*WORK REQUEST:* Give again, exactly, every line of the entries below from the one that has "#6668 = EDGE_CURVE" to the last.

*MATERIAL PROVIDED:*

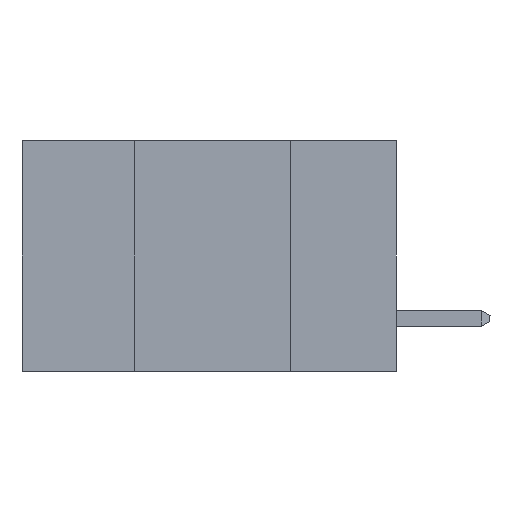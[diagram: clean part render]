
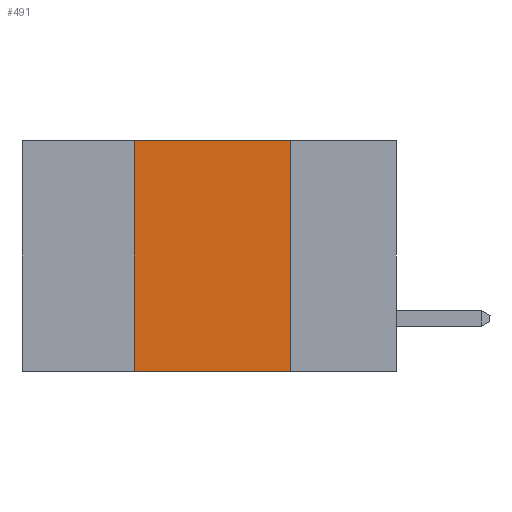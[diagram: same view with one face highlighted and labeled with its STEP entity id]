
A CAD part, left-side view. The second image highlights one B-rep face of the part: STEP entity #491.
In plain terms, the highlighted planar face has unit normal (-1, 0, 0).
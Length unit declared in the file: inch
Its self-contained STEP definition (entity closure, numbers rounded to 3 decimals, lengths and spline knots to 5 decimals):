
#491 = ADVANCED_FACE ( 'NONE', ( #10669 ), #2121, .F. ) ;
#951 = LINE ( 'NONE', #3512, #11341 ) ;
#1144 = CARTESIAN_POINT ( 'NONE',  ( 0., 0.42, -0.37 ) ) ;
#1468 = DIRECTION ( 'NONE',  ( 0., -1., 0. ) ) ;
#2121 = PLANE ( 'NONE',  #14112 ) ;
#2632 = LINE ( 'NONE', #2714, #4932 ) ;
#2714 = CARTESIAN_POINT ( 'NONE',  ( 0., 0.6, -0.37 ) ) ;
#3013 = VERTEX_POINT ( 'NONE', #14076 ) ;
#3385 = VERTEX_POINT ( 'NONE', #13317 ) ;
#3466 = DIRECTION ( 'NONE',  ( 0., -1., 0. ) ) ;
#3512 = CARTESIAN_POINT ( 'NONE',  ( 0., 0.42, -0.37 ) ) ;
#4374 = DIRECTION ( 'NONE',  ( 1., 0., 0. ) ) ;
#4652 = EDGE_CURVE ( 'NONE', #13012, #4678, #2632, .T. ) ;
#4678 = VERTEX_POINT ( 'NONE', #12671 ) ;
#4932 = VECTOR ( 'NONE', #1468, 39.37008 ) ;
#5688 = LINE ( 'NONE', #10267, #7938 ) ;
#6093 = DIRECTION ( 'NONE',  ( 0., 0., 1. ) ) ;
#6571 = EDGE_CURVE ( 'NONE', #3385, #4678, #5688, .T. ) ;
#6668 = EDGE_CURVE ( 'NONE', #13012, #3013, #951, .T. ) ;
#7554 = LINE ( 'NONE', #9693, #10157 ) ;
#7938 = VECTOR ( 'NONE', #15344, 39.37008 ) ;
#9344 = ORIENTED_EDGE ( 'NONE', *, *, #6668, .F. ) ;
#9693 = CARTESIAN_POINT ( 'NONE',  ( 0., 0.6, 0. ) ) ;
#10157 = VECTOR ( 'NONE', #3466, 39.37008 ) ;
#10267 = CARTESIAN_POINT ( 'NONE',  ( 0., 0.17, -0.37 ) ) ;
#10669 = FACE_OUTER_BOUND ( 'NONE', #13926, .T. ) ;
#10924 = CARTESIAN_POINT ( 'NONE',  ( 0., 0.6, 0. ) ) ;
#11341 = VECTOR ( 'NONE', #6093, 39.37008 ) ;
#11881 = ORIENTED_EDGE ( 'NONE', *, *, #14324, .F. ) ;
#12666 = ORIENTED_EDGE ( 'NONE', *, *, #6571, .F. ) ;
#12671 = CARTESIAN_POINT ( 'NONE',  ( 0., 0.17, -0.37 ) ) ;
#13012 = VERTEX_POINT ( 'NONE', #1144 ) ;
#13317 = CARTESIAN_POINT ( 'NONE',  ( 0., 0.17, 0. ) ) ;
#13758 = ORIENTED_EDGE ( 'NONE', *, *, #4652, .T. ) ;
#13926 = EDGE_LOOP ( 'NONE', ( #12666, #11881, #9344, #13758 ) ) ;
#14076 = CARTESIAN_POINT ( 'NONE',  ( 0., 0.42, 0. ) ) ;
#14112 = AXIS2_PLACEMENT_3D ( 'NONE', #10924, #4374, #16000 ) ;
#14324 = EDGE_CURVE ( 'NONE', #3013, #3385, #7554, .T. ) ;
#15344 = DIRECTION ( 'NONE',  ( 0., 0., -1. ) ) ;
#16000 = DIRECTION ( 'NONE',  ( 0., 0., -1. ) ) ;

*SOLUTION TO THE PROBLEM:*
#6668 = EDGE_CURVE ( 'NONE', #13012, #3013, #951, .T. ) ;
#7554 = LINE ( 'NONE', #9693, #10157 ) ;
#7938 = VECTOR ( 'NONE', #15344, 39.37008 ) ;
#9344 = ORIENTED_EDGE ( 'NONE', *, *, #6668, .F. ) ;
#9693 = CARTESIAN_POINT ( 'NONE',  ( 0., 0.6, 0. ) ) ;
#10157 = VECTOR ( 'NONE', #3466, 39.37008 ) ;
#10267 = CARTESIAN_POINT ( 'NONE',  ( 0., 0.17, -0.37 ) ) ;
#10669 = FACE_OUTER_BOUND ( 'NONE', #13926, .T. ) ;
#10924 = CARTESIAN_POINT ( 'NONE',  ( 0., 0.6, 0. ) ) ;
#11341 = VECTOR ( 'NONE', #6093, 39.37008 ) ;
#11881 = ORIENTED_EDGE ( 'NONE', *, *, #14324, .F. ) ;
#12666 = ORIENTED_EDGE ( 'NONE', *, *, #6571, .F. ) ;
#12671 = CARTESIAN_POINT ( 'NONE',  ( 0., 0.17, -0.37 ) ) ;
#13012 = VERTEX_POINT ( 'NONE', #1144 ) ;
#13317 = CARTESIAN_POINT ( 'NONE',  ( 0., 0.17, 0. ) ) ;
#13758 = ORIENTED_EDGE ( 'NONE', *, *, #4652, .T. ) ;
#13926 = EDGE_LOOP ( 'NONE', ( #12666, #11881, #9344, #13758 ) ) ;
#14076 = CARTESIAN_POINT ( 'NONE',  ( 0., 0.42, 0. ) ) ;
#14112 = AXIS2_PLACEMENT_3D ( 'NONE', #10924, #4374, #16000 ) ;
#14324 = EDGE_CURVE ( 'NONE', #3013, #3385, #7554, .T. ) ;
#15344 = DIRECTION ( 'NONE',  ( 0., 0., -1. ) ) ;
#16000 = DIRECTION ( 'NONE',  ( 0., 0., -1. ) ) ;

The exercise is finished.